Silicic melt evolution in the early Izu-Bonin arc recorded in detrital zircons

碎屑锆石记录的早期伊豆-小笠宁岛弧硅质熔体演化

• 批准号: 1558830
• 负责人: Andrew Barth
• 金额: $ 10.1万
• 依托单位: Indiana University
• 依托单位国家: 美国
• 项目类别: Standard Grant
• 财政年份: 2016
• 资助国家: 美国
• 起止时间: 2016-05-01 至 2019-12-31
• 项目状态: 已结题
• 来源: https://www.nsf.gov/awardsearch/showAward?AWD_ID=1558830&HistoricalAwards=false
• 关键词: Silicic; melt; evolution; early; Izu

Understanding the movement of tectonic plates across Earth's surface and the eventual return of these plates to the interior of our planet is central to our knowledge of Earth and its natural hazards such as earthquakes, tsunamis, and volcanic eruptions. This research focuses on understanding the formation, growth and eventual demise of volcanoes that mark the process of subduction, where tectonic plates return to Earth's interior. Minerals recovered from deep beneath the western Pacific Ocean floor by the International Ocean Discovery Program will be examined to decipher the history of volcano growth above an evolving subduction zone. The goals of the research are to use the chemistry of these minerals, called zircons, to better understand the life cycle of volcanoes, especially the timing of explosive volcanic eruptions. This research involves strong integration of research and education by involving undergraduate university students both in the laboratory and in field-based research projects at similar ocean floor volcanic systems that are now exposed on land in the Sierra Nevada mountains in the western United States. The goal of this study is to better understand the generation of silicic melts in a new and evolving intra-oceanic volcanic arc by searching for petrologic links between silicic volcanism and tonalitic arc plutonism and using this to better understand the evolution of the related magmatic processes through time. The primary goal of the research is to test whether (or to what extent) detrital zircons in drill cores, recovered by the International Ocean Drilling Program Expedition 351 and other legacy ocean drilling cores from a relatively primitive oceanic arc setting, record the regional and/or secular variation in silicic melts that crystallized magmatic zircon. Geochronology and trace element geochemistry of the zircons will allow comparisons between the thermal and melt chemical evolution recorded by arc-derived detrital zircons and by igneous zircons recovered in dredge samples of contemporaneous arc tonalite. This study will also generate an internally-consistent database of geochemical parameters for arc-derived zircons from a compositional range of marine arcs that will be useful for comparative zircon provenance studies, as these studies evolve to more commonly include key geochemical provenance indicators.

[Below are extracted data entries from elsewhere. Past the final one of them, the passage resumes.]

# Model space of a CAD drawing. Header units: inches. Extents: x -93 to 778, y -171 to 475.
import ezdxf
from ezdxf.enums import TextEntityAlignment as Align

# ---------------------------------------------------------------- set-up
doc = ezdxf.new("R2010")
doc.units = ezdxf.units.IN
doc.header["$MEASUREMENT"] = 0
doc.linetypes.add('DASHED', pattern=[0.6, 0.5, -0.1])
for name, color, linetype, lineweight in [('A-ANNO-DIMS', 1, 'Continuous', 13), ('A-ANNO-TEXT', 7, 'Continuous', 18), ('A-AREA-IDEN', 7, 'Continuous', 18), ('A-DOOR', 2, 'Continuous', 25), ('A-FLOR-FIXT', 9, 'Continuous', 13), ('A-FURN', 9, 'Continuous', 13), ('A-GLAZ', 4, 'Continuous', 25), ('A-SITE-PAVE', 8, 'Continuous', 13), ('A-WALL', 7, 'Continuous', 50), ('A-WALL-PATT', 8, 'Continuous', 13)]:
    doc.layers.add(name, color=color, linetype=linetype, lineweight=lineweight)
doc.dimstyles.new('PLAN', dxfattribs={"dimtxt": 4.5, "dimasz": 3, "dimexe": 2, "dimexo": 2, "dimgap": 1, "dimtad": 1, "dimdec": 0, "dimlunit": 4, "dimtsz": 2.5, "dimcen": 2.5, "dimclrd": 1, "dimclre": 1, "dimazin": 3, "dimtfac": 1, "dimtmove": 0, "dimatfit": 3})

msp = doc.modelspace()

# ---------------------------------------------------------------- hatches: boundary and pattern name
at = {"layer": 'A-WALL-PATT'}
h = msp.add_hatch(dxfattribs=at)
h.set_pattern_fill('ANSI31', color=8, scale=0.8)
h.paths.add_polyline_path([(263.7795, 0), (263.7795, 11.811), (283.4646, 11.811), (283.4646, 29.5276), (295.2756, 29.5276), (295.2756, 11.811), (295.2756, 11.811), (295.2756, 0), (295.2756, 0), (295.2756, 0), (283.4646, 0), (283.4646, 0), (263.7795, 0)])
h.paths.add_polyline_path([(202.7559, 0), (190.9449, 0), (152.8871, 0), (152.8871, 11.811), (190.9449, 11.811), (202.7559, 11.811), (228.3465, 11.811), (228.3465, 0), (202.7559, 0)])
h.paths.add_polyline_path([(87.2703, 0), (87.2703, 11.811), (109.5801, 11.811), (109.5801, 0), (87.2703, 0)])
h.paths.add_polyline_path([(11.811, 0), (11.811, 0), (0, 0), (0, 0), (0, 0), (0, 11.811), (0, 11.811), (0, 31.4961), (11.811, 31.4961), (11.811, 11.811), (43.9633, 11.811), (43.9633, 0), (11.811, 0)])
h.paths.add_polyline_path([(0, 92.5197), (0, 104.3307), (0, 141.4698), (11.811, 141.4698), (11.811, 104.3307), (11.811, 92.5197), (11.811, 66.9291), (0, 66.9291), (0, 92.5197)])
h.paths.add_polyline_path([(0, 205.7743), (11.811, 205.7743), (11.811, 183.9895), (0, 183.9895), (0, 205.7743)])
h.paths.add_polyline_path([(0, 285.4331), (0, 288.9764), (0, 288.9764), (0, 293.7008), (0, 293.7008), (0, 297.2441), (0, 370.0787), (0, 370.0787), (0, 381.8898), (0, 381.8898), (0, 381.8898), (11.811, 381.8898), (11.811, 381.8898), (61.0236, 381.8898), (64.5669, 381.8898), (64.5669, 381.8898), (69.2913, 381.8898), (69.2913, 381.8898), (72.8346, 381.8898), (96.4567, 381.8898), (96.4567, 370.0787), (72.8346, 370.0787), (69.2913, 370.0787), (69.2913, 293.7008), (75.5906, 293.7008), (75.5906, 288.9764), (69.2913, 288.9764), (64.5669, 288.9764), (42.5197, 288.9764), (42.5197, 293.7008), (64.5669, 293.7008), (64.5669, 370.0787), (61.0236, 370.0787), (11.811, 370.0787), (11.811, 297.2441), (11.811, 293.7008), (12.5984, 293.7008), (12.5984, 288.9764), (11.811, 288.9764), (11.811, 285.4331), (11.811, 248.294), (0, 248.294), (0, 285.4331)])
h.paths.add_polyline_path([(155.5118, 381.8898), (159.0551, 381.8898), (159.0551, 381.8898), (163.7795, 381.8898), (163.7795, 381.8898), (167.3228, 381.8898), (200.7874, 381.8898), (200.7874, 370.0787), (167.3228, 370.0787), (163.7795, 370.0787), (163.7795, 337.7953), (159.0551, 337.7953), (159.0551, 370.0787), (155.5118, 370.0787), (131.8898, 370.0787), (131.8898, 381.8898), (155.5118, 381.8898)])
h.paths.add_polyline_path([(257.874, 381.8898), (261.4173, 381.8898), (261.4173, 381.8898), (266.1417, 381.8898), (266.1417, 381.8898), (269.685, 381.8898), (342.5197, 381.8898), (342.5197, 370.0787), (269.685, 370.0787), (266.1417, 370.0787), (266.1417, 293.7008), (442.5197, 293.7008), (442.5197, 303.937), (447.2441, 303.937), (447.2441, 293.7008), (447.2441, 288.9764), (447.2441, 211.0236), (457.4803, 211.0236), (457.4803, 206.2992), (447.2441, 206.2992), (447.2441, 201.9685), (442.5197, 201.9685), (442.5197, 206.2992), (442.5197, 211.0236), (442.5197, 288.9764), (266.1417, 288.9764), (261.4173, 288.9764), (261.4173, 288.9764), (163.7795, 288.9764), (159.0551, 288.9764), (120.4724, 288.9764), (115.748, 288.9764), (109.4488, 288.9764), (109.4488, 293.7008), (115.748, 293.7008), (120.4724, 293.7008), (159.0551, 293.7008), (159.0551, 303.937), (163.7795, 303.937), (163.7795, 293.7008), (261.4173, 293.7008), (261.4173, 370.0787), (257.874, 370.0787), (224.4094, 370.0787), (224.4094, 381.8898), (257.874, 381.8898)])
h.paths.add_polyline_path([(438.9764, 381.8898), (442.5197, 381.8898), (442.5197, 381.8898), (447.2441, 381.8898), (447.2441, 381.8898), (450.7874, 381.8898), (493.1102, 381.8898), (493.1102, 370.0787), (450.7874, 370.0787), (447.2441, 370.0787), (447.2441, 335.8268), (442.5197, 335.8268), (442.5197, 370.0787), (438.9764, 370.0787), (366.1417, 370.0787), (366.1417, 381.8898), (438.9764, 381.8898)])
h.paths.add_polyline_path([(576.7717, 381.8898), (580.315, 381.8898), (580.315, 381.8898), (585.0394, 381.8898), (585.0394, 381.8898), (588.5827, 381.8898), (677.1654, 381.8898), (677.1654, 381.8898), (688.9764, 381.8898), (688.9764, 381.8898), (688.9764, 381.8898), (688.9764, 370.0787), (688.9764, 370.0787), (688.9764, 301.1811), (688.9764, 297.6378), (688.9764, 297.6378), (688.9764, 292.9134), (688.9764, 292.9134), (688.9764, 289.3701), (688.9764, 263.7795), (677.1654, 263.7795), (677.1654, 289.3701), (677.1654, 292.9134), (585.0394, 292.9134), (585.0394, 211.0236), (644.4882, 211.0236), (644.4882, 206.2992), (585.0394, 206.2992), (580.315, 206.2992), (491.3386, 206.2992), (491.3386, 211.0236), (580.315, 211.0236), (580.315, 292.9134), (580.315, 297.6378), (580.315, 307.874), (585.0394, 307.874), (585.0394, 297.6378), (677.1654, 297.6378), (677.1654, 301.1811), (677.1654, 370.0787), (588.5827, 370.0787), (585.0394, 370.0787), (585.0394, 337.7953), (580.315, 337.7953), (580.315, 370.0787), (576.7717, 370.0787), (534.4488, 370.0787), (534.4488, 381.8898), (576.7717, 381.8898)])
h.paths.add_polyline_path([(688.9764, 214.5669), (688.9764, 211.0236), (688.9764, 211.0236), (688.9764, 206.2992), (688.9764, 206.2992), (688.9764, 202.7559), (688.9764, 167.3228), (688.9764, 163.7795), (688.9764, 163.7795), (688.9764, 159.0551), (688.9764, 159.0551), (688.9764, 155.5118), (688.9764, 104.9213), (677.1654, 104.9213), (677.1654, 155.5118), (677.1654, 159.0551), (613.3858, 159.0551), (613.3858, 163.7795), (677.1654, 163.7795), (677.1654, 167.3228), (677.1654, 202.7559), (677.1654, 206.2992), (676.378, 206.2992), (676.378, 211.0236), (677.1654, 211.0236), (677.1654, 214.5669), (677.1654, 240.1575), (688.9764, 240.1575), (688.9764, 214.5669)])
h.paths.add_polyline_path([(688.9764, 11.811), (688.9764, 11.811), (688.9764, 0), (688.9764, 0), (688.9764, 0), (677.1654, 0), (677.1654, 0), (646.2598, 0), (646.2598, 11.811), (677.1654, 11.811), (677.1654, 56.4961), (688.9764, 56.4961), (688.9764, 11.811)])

了解构造板块穿过地球表面的运动以及这些板块最终返回地球内部的过程，是我们了解地球及其地震、海啸和火山喷发等自然灾害的核心。这项研究的重点是了解标志着俯冲过程的火山的形成、增长和最终消亡，在俯冲过程中，构造板块回到地球内部。将对国际海洋发现计划在西太平洋海底深处发现的矿物进行研究，以破译俯冲演化带上方火山生长的历史。这项研究的目的是利用这些被称为锆石的矿物的化学成分，更好地了解火山的生命周期，特别是火山爆发的时间。这项研究涉及研究和教育的紧密结合，让本科生参与实验室和类似海底火山系统的实地研究项目，这些火山系统现在暴露在美国西部内华达山脉的陆地上。这项研究的目的是通过寻找硅质火山作用和英云闪长岩弧深成作用之间的岩石学联系，并利用这一联系来更好地理解相关岩浆过程随时间的演化，从而更好地理解在新的和不断演变的大洋内火山弧中硅质熔融的产生。这项研究的主要目标是测试国际大洋钻探计划351和其他传统大洋钻探岩芯从相对原始的洋弧环境中发现的钻探岩芯中的碎屑锆石是否(或在多大程度上)记录了结晶岩浆锆石的硅质熔体中的区域和/或长期变化。锆石的地质年代学和微量元素地球化学可以比较弧源碎屑锆石记录的热化学演化和熔融化学演化，以及在同时代弧状英云闪长岩挖矿样品中发现的火成锆石。这项研究还将从一系列海洋弧形成分中为弧源锆石生成一个内部一致的地球化学参数数据库，这将有助于比较锆石源区的研究，因为这些研究已发展到更普遍地包括关键的地球化学源区指标。